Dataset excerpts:
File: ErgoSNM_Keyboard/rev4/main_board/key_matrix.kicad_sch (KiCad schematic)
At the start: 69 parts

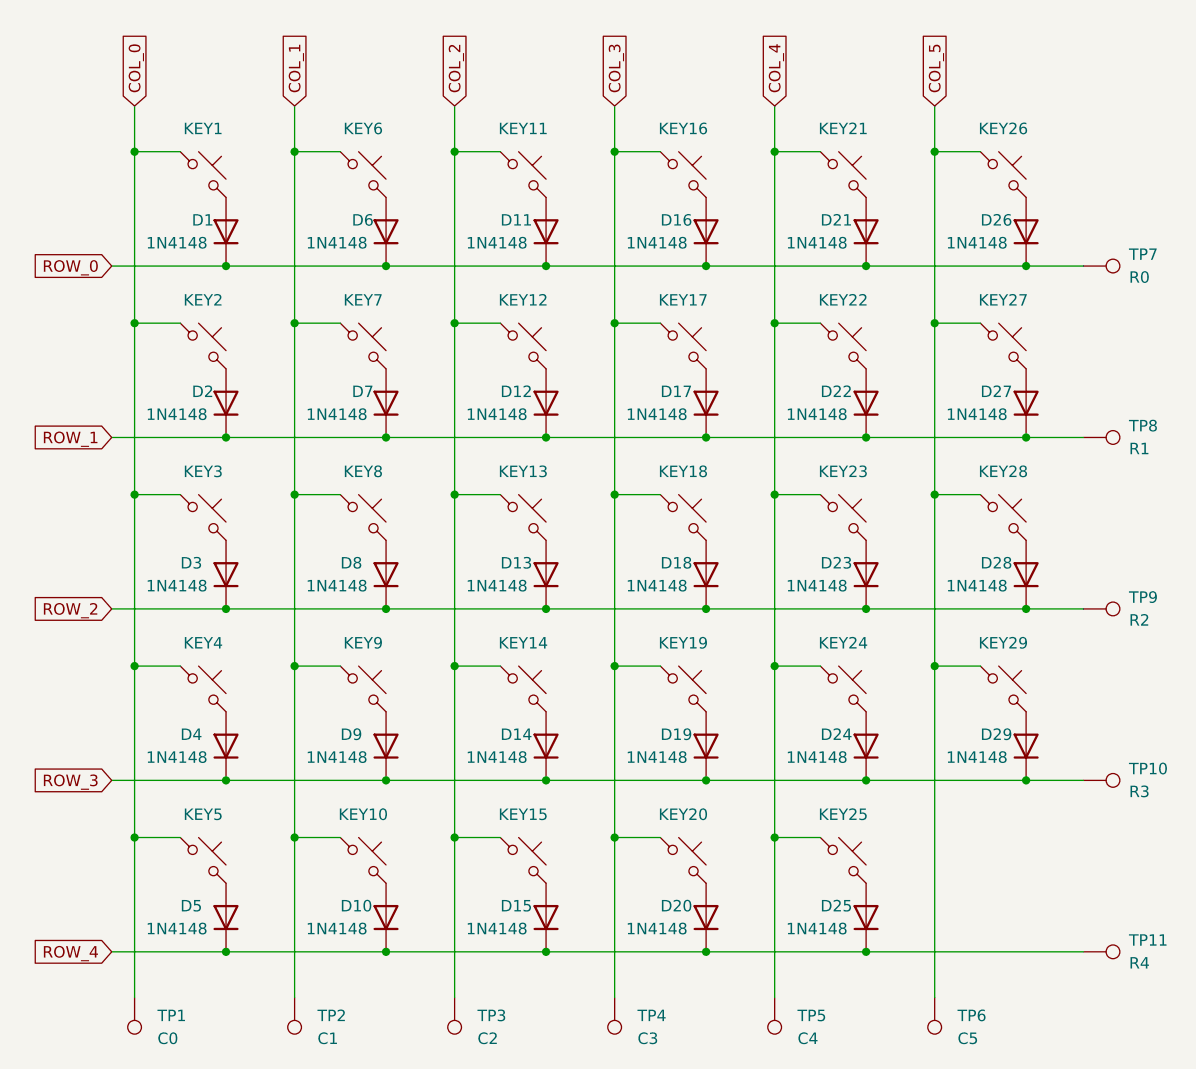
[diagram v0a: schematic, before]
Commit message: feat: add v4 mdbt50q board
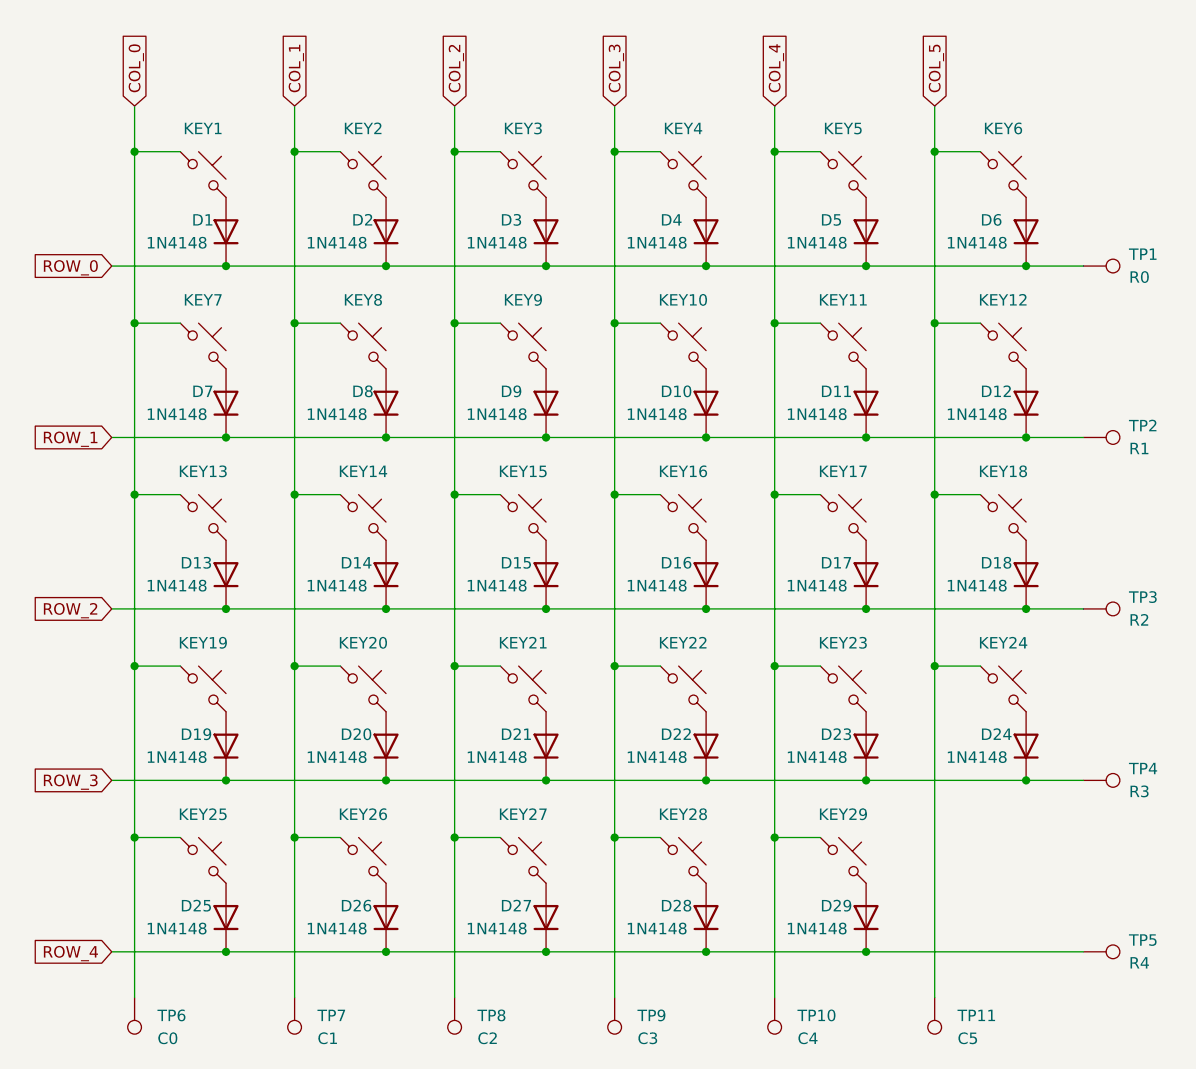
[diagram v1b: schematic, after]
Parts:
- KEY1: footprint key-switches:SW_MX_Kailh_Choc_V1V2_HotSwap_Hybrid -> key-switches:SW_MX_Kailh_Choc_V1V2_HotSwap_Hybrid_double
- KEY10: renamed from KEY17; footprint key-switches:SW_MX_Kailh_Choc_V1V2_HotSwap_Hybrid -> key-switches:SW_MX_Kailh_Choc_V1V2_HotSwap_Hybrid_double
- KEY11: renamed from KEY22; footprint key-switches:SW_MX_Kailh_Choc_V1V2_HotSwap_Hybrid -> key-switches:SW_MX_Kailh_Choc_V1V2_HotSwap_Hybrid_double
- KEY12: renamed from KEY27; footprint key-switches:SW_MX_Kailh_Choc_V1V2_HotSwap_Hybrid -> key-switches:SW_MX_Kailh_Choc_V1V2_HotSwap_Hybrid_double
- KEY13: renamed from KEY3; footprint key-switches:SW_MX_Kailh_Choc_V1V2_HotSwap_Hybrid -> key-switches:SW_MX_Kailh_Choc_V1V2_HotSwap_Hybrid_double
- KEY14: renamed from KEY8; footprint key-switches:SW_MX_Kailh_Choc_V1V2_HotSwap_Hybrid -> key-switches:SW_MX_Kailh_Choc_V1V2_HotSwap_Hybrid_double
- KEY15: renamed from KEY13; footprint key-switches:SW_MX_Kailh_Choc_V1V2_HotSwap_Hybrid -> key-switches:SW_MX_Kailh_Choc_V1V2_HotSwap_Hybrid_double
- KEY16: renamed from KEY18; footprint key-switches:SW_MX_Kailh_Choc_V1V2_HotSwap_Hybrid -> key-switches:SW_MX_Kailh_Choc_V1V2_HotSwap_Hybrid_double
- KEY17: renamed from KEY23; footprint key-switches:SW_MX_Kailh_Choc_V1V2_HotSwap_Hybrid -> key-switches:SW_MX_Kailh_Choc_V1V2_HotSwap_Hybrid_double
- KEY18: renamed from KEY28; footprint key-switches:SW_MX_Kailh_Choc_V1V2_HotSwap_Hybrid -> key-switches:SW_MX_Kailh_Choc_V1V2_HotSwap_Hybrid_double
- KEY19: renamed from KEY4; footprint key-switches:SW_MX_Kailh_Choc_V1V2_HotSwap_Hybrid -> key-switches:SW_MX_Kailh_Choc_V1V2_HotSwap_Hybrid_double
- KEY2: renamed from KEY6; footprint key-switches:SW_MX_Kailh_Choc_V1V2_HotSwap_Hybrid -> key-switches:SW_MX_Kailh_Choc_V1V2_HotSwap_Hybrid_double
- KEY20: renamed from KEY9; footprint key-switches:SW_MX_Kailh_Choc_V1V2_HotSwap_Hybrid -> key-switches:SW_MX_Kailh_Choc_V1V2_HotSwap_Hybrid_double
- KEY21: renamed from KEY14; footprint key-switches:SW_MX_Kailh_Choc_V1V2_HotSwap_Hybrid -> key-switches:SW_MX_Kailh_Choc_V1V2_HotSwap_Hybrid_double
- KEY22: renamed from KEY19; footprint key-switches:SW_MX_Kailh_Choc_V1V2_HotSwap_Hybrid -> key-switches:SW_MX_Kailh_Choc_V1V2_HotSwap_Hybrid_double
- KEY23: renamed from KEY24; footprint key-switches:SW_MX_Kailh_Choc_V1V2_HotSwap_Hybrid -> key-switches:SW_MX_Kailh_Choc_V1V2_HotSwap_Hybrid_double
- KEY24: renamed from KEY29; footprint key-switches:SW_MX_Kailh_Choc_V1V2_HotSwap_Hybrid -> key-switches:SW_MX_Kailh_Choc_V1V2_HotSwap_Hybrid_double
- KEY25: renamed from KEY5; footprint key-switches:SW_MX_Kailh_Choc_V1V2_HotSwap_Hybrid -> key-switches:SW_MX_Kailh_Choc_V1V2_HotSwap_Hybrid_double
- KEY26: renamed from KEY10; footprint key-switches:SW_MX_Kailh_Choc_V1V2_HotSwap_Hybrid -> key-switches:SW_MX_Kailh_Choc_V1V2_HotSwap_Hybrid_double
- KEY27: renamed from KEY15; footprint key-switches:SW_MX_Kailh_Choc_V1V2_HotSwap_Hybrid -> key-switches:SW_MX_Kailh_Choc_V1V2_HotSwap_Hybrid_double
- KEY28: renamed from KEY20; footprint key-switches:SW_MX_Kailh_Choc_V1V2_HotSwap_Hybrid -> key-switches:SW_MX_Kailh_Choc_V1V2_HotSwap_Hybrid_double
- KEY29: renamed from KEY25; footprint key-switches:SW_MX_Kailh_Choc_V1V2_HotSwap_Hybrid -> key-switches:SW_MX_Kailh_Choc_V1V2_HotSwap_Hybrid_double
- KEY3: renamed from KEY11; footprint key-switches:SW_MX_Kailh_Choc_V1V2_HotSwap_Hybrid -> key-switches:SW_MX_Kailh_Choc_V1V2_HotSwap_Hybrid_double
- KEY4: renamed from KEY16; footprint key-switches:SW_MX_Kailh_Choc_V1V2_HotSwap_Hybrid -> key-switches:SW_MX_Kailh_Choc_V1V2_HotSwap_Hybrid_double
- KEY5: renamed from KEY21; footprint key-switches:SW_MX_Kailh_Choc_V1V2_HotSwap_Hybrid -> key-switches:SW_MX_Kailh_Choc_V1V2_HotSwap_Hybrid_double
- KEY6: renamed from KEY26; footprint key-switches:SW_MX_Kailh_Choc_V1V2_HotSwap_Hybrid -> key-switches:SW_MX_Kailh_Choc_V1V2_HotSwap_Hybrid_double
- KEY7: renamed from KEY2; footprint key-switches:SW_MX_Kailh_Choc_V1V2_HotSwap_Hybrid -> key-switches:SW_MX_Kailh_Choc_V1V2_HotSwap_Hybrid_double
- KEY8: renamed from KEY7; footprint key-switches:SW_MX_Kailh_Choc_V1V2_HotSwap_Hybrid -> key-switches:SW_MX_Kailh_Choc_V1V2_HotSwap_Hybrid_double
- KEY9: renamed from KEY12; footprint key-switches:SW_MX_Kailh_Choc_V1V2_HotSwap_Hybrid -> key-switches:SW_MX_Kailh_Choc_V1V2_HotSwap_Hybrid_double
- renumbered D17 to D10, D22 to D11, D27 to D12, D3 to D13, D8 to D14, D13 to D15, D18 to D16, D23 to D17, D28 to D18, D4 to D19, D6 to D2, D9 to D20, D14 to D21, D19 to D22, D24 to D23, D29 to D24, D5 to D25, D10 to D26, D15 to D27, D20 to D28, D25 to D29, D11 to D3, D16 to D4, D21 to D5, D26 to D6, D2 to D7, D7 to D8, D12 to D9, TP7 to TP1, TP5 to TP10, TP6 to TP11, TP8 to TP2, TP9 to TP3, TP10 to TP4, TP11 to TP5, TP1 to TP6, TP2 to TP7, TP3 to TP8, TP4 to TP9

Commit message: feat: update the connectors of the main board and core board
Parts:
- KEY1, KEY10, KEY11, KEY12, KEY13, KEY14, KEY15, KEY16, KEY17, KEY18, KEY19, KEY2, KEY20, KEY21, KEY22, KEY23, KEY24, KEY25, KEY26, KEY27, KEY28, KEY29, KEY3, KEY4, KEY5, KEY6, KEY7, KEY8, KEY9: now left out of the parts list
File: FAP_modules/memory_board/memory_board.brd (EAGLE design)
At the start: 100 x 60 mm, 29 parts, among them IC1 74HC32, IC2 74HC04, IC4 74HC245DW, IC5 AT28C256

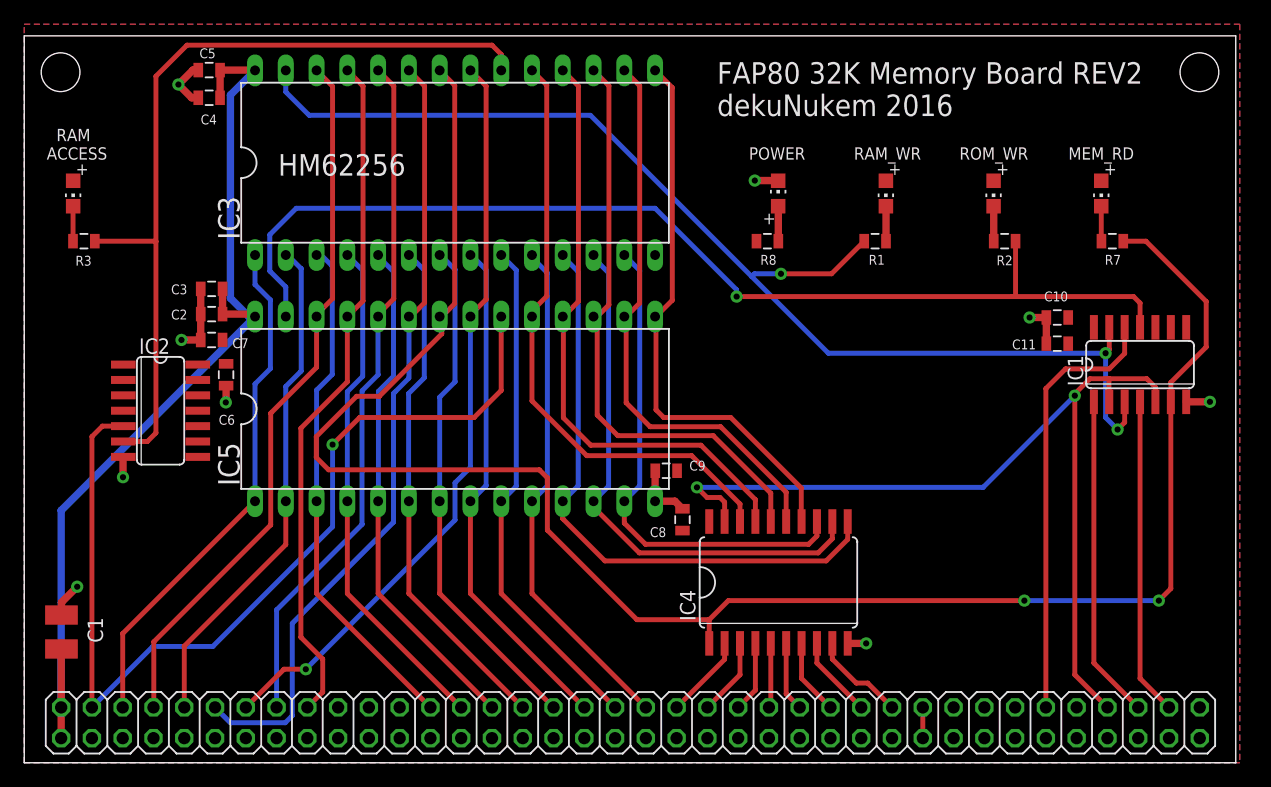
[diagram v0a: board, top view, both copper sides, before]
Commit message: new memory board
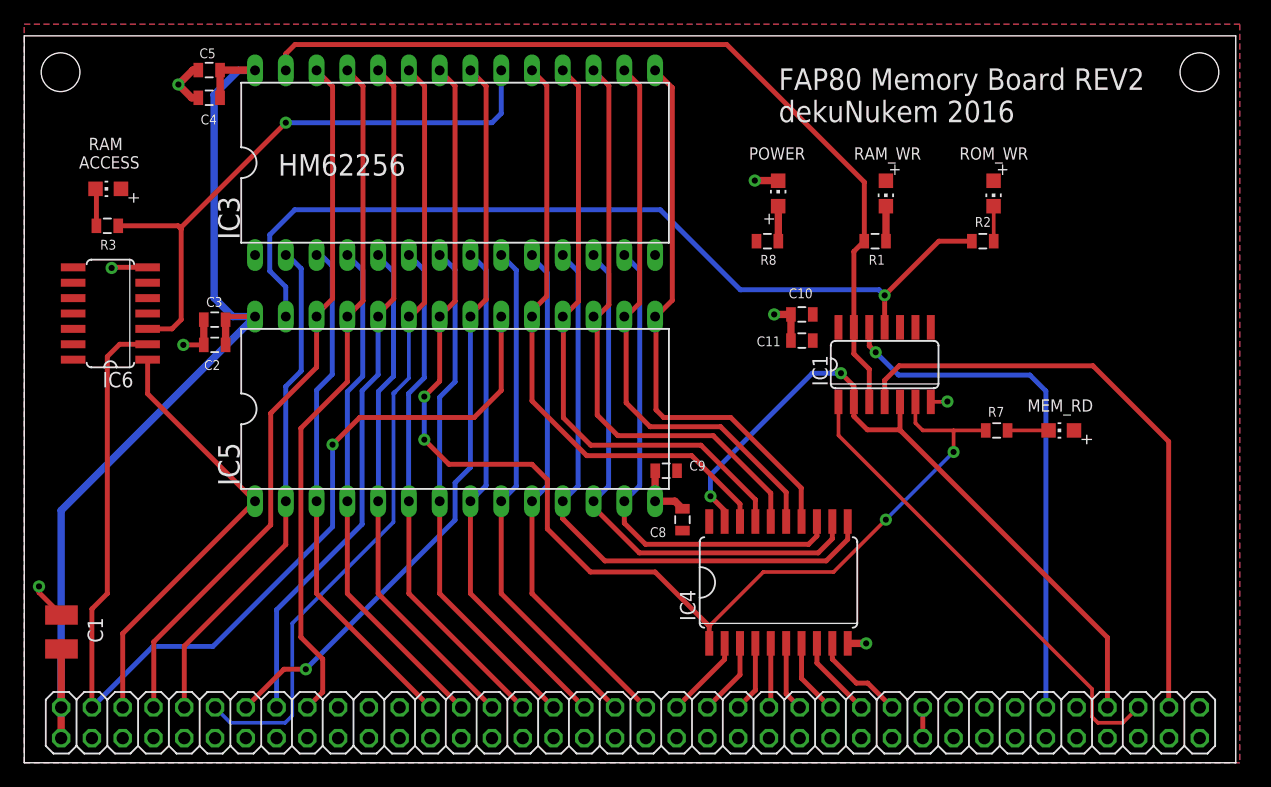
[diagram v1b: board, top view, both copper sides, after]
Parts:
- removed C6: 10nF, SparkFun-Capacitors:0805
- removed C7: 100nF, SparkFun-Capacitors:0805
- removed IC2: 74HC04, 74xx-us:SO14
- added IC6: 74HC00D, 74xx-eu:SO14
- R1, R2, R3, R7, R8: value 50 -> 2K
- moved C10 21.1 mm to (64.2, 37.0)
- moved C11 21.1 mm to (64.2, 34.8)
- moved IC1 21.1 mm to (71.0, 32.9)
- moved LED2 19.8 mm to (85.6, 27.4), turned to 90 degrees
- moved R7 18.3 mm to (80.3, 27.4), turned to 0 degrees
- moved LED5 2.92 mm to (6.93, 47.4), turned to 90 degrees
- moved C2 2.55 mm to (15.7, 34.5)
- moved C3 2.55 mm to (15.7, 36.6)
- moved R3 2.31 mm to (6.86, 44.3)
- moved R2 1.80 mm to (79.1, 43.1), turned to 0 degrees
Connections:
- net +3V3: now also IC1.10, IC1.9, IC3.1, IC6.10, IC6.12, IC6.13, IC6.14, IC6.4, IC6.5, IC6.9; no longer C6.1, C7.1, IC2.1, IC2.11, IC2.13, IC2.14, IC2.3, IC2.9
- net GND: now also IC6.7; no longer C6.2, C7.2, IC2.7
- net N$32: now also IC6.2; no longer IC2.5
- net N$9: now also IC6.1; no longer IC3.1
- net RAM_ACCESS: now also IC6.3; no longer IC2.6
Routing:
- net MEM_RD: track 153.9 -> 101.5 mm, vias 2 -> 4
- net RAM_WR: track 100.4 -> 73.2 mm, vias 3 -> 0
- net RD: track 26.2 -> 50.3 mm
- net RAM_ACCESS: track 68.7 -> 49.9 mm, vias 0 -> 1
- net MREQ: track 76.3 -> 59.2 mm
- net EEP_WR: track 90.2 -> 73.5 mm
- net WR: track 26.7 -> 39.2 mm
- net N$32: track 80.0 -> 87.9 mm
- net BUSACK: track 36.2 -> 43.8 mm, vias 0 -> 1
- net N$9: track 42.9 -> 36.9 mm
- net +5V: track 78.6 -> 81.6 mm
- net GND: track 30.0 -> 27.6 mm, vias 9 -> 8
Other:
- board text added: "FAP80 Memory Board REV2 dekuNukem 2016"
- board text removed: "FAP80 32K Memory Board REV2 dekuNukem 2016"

What the task requires:
Find "sides" in the preceding records. Copy each line that holds it.

Task result:
[diagram v0a: board, top view, both copper sides, before]
[diagram v1b: board, top view, both copper sides, after]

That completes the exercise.